If you don't realise the difference, you need to go back to basics.
--
Mark McIntyre

"Debugging is twice as hard as writing the code in the first place.
Therefore, if you write the code as cleverly as possible, you are,
by definition, not smart enough to debug it."
--Brian Kernighan

 

[Mark McIntyre]

x and y aren't *necessarily* contiguous; there could be a gap between
them. In the array case being discussed, the representation is
specified by the standard, and there can be no gap.

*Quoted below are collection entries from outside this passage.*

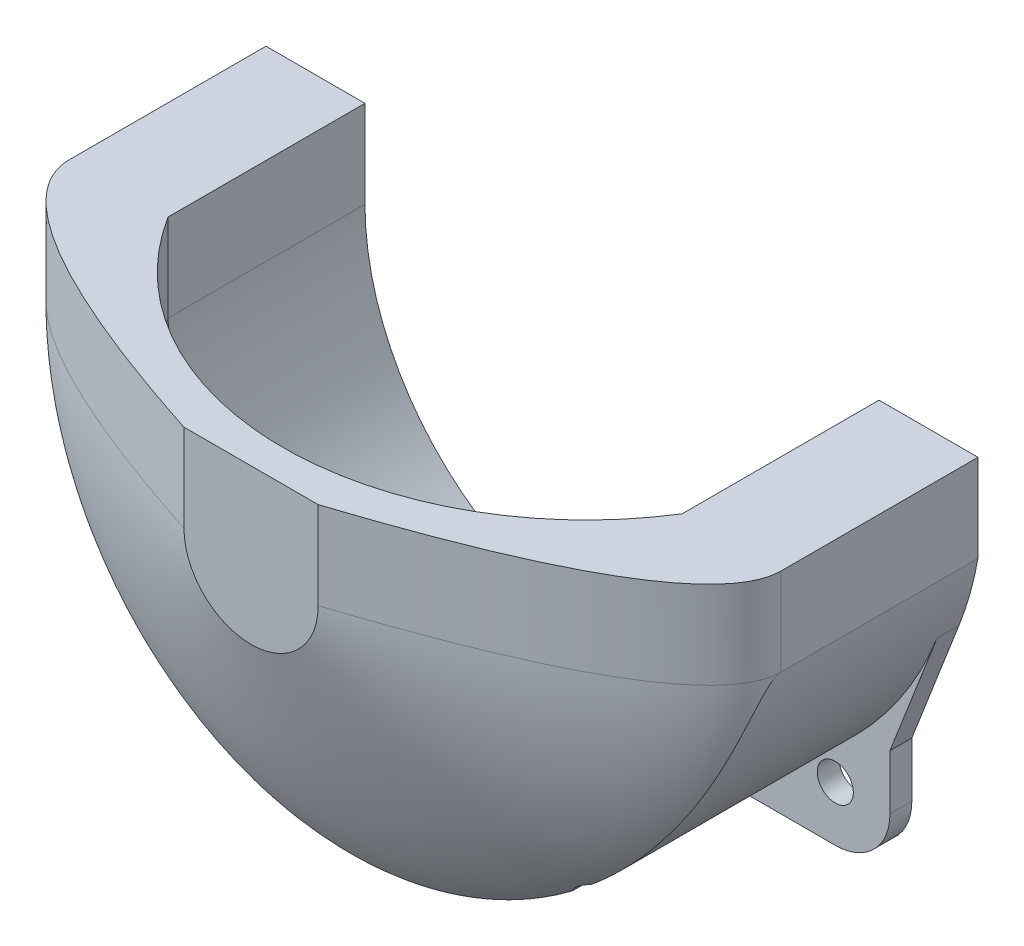
from build123d import *
from build123d.topology import SkipClean

# Parameters (mm, degrees)
EXTRUDE_1_DEPTH           = 2
FILLET_1_R                = 5
SKETCH_2_R                = 1.65
EXTRUDE_2_DEPTH           = 2
SKETCH_2_2_R              = 1.65
CUT_EXTRUDE_1_DEPTH       = 2
EXTRUDE_3_DEPTH           = 8
REVOLVE_4_ANGLE           = 180
CUT_EXTRUDE_3_DEPTH       = 8
CUT_EXTRUDE_3_DEPTH_BACK  = 50.836922569
CUT_EXTRUDE_4_DEPTH       = 47.549848859
CUT_EXTRUDE_4_DEPTH_BACK  = 47.549848859
EXTRUDE_4_DEPTH           = 8
CUT_EXTRUDE_15_DEPTH      = 2
CUT_EXTRUDE_15_DEPTH_BACK = 51.804237139
SKETCH_16_R               = 8.1
CUT_EXTRUDE_16_DEPTH      = 56.283591172
SKETCH_18_R               = 2.5
CUT_EXTRUDE_17_DEPTH      = 49.721344888
SKETCH_19_R               = 1.65
EXTRUDE_5_DEPTH           = 8
SKETCH_20_R               = 1.65
CUT_EXTRUDE_18_DEPTH      = 8


with BuildPart() as part:
    # 草图1 → 凸台-拉伸1 (new body)
    with BuildSketch(Plane.XY):
        with BuildLine():
            Line((-23.5, 0), (-26.5, 0))
            Line((-26.5, 0), (-26.5, -27.25))
            Line((-26.5, -27.25), (26.5, -27.25))
            Line((26.5, -27.25), (26.5, 0))
            Line((26.5, 0), (23.5, 0))
            ThreePointArc((23.5, 0), (0, -23.5), (-23.5, 0))
        make_face()
    extrude(amount=EXTRUDE_1_DEPTH)

    # 圆角1
    fillet_1_edges = [part.edges().sort_by_distance(p)[0] for p in [
        (-26.5, -27.25, 1),
        (26.5, -27.25, 1),
    ]]
    fillet(fillet_1_edges, radius=FILLET_1_R)

    # 草图2 → 凸台-拉伸2 (add)
    with BuildSketch(Plane.XY.offset(2)):
        with Locations((-21.5, -22.25)):
            Circle(SKETCH_2_R)
        with Locations((21.5, -22.25)):
            Circle(SKETCH_2_R)
        Polygon((33.218421053, 0), (26.5, -17.25), (26.5, 0), align=None)
        Polygon((-26.5, -17.25), (-33.218421053, 0), (-26.5, 0), align=None)
    extrude(amount=-EXTRUDE_2_DEPTH)

    # 草图2<2> → 切除-拉伸1 (cut)
    with BuildSketch(Plane.XY.offset(2)):
        with Locations((-21.5, -22.25)):
            Circle(SKETCH_2_2_R)
        with Locations((21.5, -22.25)):
            Circle(SKETCH_2_2_R)
    extrude(amount=-CUT_EXTRUDE_1_DEPTH, mode=Mode.SUBTRACT)

    # 草图5 → 凸台-拉伸3 (add)
    with BuildSketch(Plane.XY.offset(2)):
        with BuildLine():
            Line((23.5, 0), (32.54831672, 0))
            ThreePointArc((32.54831672, 0), (0, -27.25), (-32.54831672, 0))
            Line((-32.54831672, 0), (-23.5, 0))
            ThreePointArc((-23.5, 0), (0, -23.5), (23.5, 0))
        make_face()
    extrude(amount=EXTRUDE_3_DEPTH)

    # 草图8 → 旋转4 (revolve)
    with BuildSketch(Plane(origin=(0, 0, 0), x_dir=(1, 0, 0), z_dir=(0, 1, 0))):
        with BuildLine():
            add(Edge.make_bspline(
                [(32.54831672, -10), (32.54831672, -19.011252641), (1.892491424, -26.996963713), (0, -27.912632857)],
                knots=[0, 0, 0, 0, 0.940683104, 0.940683104, 0.940683104, 0.940683104], degree=3))
            Line((32.54831672, -10), (23.5, -10))
            ThreePointArc((23.5, -10), (13.428049002, -19.533396273), (0, -23))
            Line((0, -23), (0, -27.912632857))
        make_face()
    revolve(axis=Axis((0, 0, 28), (0, 0, -1)), revolution_arc=REVOLVE_4_ANGLE)

    # 草图11 → 切除-拉伸3 (cut, two sides: drawn at the far end of the back side and taken through both)
    with BuildSketch(Plane(origin=(0, 0, 10), x_dir=(-1, 0, 0), z_dir=(0, 0, -1)).offset(-CUT_EXTRUDE_3_DEPTH_BACK)):
        with BuildLine():
            Line((-30.809155169, -6.185952945), (-32.495321725, -1.856606381))
            ThreePointArc((-32.495321725, -1.856606381), (0, -32.54831672), (32.495321725, -1.856606381))
            Line((32.495321725, -1.856606381), (30.809155169, -6.185952945))
            ThreePointArc((30.809155169, -6.185952945), (0, -27.25), (-30.809155169, -6.185952945))
        make_face()
    extrude(amount=CUT_EXTRUDE_3_DEPTH + CUT_EXTRUDE_3_DEPTH_BACK, mode=Mode.SUBTRACT)

    # 草图11<3> → 切除-拉伸4 (cut, two sides: drawn at the far end of the back side and taken through both)
    with BuildSketch(Plane(origin=(0, 0, 10), x_dir=(-1, 0, 0), z_dir=(0, 0, -1)).offset(-CUT_EXTRUDE_4_DEPTH_BACK)):
        with BuildLine():
            Line((-32.54831672, 0), (-33.218421053, 0))
            Line((-33.218421053, 0), (-30.809155169, -6.185952945))
            ThreePointArc((-30.809155169, -6.185952945), (-31.829370312, -3.13532686), (-32.54831672, 0))
        make_face()
        with BuildLine():
            Line((33.218421053, 0), (32.54831672, 0))
            ThreePointArc((32.54831672, 0), (31.829370312, -3.13532686), (30.809155169, -6.185952945))
            Line((30.809155169, -6.185952945), (33.218421053, 0))
        make_face()
    extrude(amount=CUT_EXTRUDE_4_DEPTH + CUT_EXTRUDE_4_DEPTH_BACK, mode=Mode.SUBTRACT)

    # 草图13 → 凸台-拉伸4 (add)
    with BuildSketch(Plane(origin=(0, 0, 0), x_dir=(1, 0, 0), z_dir=(0, 1, 0))):
        with BuildLine():
            Line((-23.5, 0), (-32.54831672, 0))
            Line((-32.54831672, 0), (-32.54831672, -10))
            add(Edge.make_bspline(
                [(-32.54831672, -10), (-32.54831672, -19.011252636), (-1.892491463, -26.996963703), (-4e-09, -27.912632855)],
                knots=[0, 0, 0, 0, 0.940683104, 0.940683104, 0.940683104, 0.940683104], degree=3))
            add(Edge.make_bspline(
                [(-4e-09, -27.912632855), (1.892491463, -26.996963703), (32.54831672, -19.011252636), (32.54831672, -10)],
                knots=[0, 0, 0, 0, 0.940683104, 0.940683104, 0.940683104, 0.940683104], degree=3))
            Line((32.54831672, -10), (32.54831672, 0))
            Line((32.54831672, 0), (23.5, 0))
            Line((23.5, 0), (23.5, -10))
            ThreePointArc((23.5, -10), (0, -23), (-23.5, -10))
            Line((-23.5, -10), (-23.5, 0))
        make_face()
    extrude(amount=EXTRUDE_4_DEPTH)

    # 草图16 → 切除-拉伸15 (cut, two sides: drawn at the far end of the back side and taken through both)
    with BuildSketch(Plane(origin=(0, 0, 27.912632848), x_dir=(-1, 0, 0), z_dir=(0, 0, -1)).offset(-CUT_EXTRUDE_15_DEPTH_BACK)):
        Circle(SKETCH_16_R)
    extrude(amount=CUT_EXTRUDE_15_DEPTH + CUT_EXTRUDE_15_DEPTH_BACK, mode=Mode.SUBTRACT)

    # 草图17 → 切除-拉伸16 (cut, through all)
    with BuildSketch(Plane(origin=(0, 8, 0), x_dir=(1, 0, 0), z_dir=(0, 1, 0))):
        with BuildLine():
            Line((-6.136694484, -25.912632848), (-1.268857754, -25.912632848))
            Line((-1.268857754, -25.912632848), (-1.268857754, -27.464886901))
            add(Edge.make_bspline(
                [(-1.268857754, -27.464886901), (-2.37160723, -27.10853767), (-4.077764087, -26.58262095), (-6.136694484, -25.912632848)],
                knots=[0.699251463, 0.699251463, 0.699251463, 0.699251463, 0.851241237, 0.851241237, 0.851241237, 0.851241237], degree=3))
        make_face()
        with BuildLine():
            Line((1.268857754, -27.464886901), (1.268857754, -25.912632848))
            Line((1.268857754, -25.912632848), (6.136694484, -25.912632848))
            add(Edge.make_bspline(
                [(6.136694484, -25.912632848), (4.077764087, -26.58262095), (2.37160723, -27.10853767), (1.268857754, -27.464886901)],
                knots=[0.089441867, 0.089441867, 0.089441867, 0.089441867, 0.241431641, 0.241431641, 0.241431641, 0.241431641], degree=3))
        make_face()
    extrude(amount=-CUT_EXTRUDE_16_DEPTH, mode=Mode.SUBTRACT)

    # 草图18 → 切除-拉伸17 (cut, through all)
    with BuildSketch(Plane.XY.offset(2)):
        with Locations((-21.5, -22.25)):
            Circle(SKETCH_18_R)
        with Locations((21.5, -22.25)):
            Circle(SKETCH_18_R)
    extrude(amount=CUT_EXTRUDE_17_DEPTH, mode=Mode.SUBTRACT)

    # 草图19 → 凸台-拉伸5 (add)
    with SkipClean():  # the faces are left unmerged after this step: merging them gives an invalid solid
        with BuildSketch(Plane(origin=(0, 0, 0), x_dir=(-1, 0, 0), z_dir=(0, 0, -1))):
            with BuildLine():
                Line((26.5, -17.25), (30.809155169, -6.185952945))
                ThreePointArc((30.809155169, -6.185952945), (31.829370312, -3.13532686), (32.54831672, 0))
                Line((32.54831672, 0), (32.54831672, 8))
                Line((32.54831672, 8), (23.5, 8))
                Line((23.5, 8), (23.5, 0))
                ThreePointArc((23.5, 0), (0, -23.5), (-23.5, 0))
                Line((-23.5, 0), (-23.5, 8))
                Line((-23.5, 8), (-32.54831672, 8))
                Line((-32.54831672, 8), (-32.54831672, 0))
                ThreePointArc((-32.54831672, 0), (-31.829370312, -3.13532686), (-30.809155169, -6.185952945))
                Line((-30.809155169, -6.185952945), (-26.5, -17.25))
                Line((-26.5, -17.25), (-26.5, -22.25))
                ThreePointArc((-26.5, -22.25), (-25.035533906, -25.785533906), (-21.5, -27.25))
                Line((-21.5, -27.25), (21.5, -27.25))
                ThreePointArc((21.5, -27.25), (25.035533906, -25.785533906), (26.5, -22.25))
                Line((26.5, -22.25), (26.5, -17.25))
            make_face()
            with Locations((21.5, -22.25)):
                Circle(SKETCH_19_R, mode=Mode.SUBTRACT)
            with Locations((-21.5, -22.25)):
                Circle(SKETCH_19_R, mode=Mode.SUBTRACT)
        extrude(amount=EXTRUDE_5_DEPTH)

    # 草图20 → 切除-拉伸18 (cut)
    # profile 1 of 2: a face of its own
    with SkipClean():  # the faces are left unmerged after this step: merging them gives an invalid solid
        with BuildSketch(Plane.XY.offset(2)):
            with BuildLine():
                ThreePointArc((19.32782273, -21.012403172), (10.154707599, -25.651983205), (0, -27.25))
                Line((0, -27.25), (21.5, -27.25))
                ThreePointArc((21.5, -27.25), (25.035533906, -25.785533906), (26.5, -22.25))
                Line((26.5, -22.25), (26.5, -17.25))
                Line((26.5, -17.25), (30.809155169, -6.185952945))
                ThreePointArc((30.809155169, -6.185952945), (26.725252476, -13.653221694), (20.870444361, -19.830566244))
                ThreePointArc((20.870444361, -19.830566244), (19.979601548, -20.265462637), (19.32782273, -21.012403172))
            make_face()
        # profile 2 of 2: a face of its own
        with BuildSketch(Plane.XY.offset(2)):
            with BuildLine():
                Line((-21.5, -27.25), (0, -27.25))
                ThreePointArc((0, -27.25), (-10.154707599, -25.651983205), (-19.32782273, -21.012403172))
                ThreePointArc((-19.32782273, -21.012403172), (-19.979601548, -20.265462637), (-20.870444361, -19.830566244))
                ThreePointArc((-20.870444361, -19.830566244), (-26.725252476, -13.653221694), (-30.809155169, -6.185952945))
                Line((-30.809155169, -6.185952945), (-26.5, -17.25))
                Line((-26.5, -17.25), (-26.5, -22.25))
                ThreePointArc((-26.5, -22.25), (-25.035533906, -25.785533906), (-21.5, -27.25))
            make_face()
            with Locations((-21.5, -22.25)):
                Circle(SKETCH_20_R, mode=Mode.SUBTRACT)
        extrude(amount=-CUT_EXTRUDE_18_DEPTH, mode=Mode.SUBTRACT)


solid = part.part

Yeah, I was going to chuck in "assume word-aligned memory and no
struct packing" but couldn't be donkeyed.
--
Mark McIntyre

"Debugging is twice as hard as writing the code in the first place.
Therefore, if you write the code as cleverly as possible, you are,
by definition, not smart enough to debug it."
--Brian Kernighan

 

[Herbert Rosenau]

Roberto Waltman:



Of course, you're right.

Type1 obj1;
Type2 obj2;

if (sizeof obj2 >= sizeof obj1)
memcpy(&obj1,&obj2,sizeof obj1);

May result in udefined behavior when Type1 != Type2 as the
representation of different types does not require that they are have
to have the same padding bits adn/or alignment requirements. memcpy
can fail in the lands of udefined behavior here. Accessing obje1
thereafter can end in anything but may not do what you thinks it
should do.

--
Tschau/Bye
Herbert

Visit http://www.ecomstation.de the home of german eComStation
eComStation 1.2 Deutsch ist da!

 

[Flash Gordon]

May result in udefined behavior when Type1 != Type2 as the
representation of different types does not require that they are have
to have the same padding bits adn/or alignment requirements. memcpy
can fail in the lands of udefined behavior here.

No, memcpy is required to treat the data as unsigned char so there are
no alignment issues, no padding and no trap representations. At least,
not during the memcpy.

> Accessing obje1
thereafter can end in anything but may not do what you thinks it
should do.

That is indeed where you get problems of trap representations.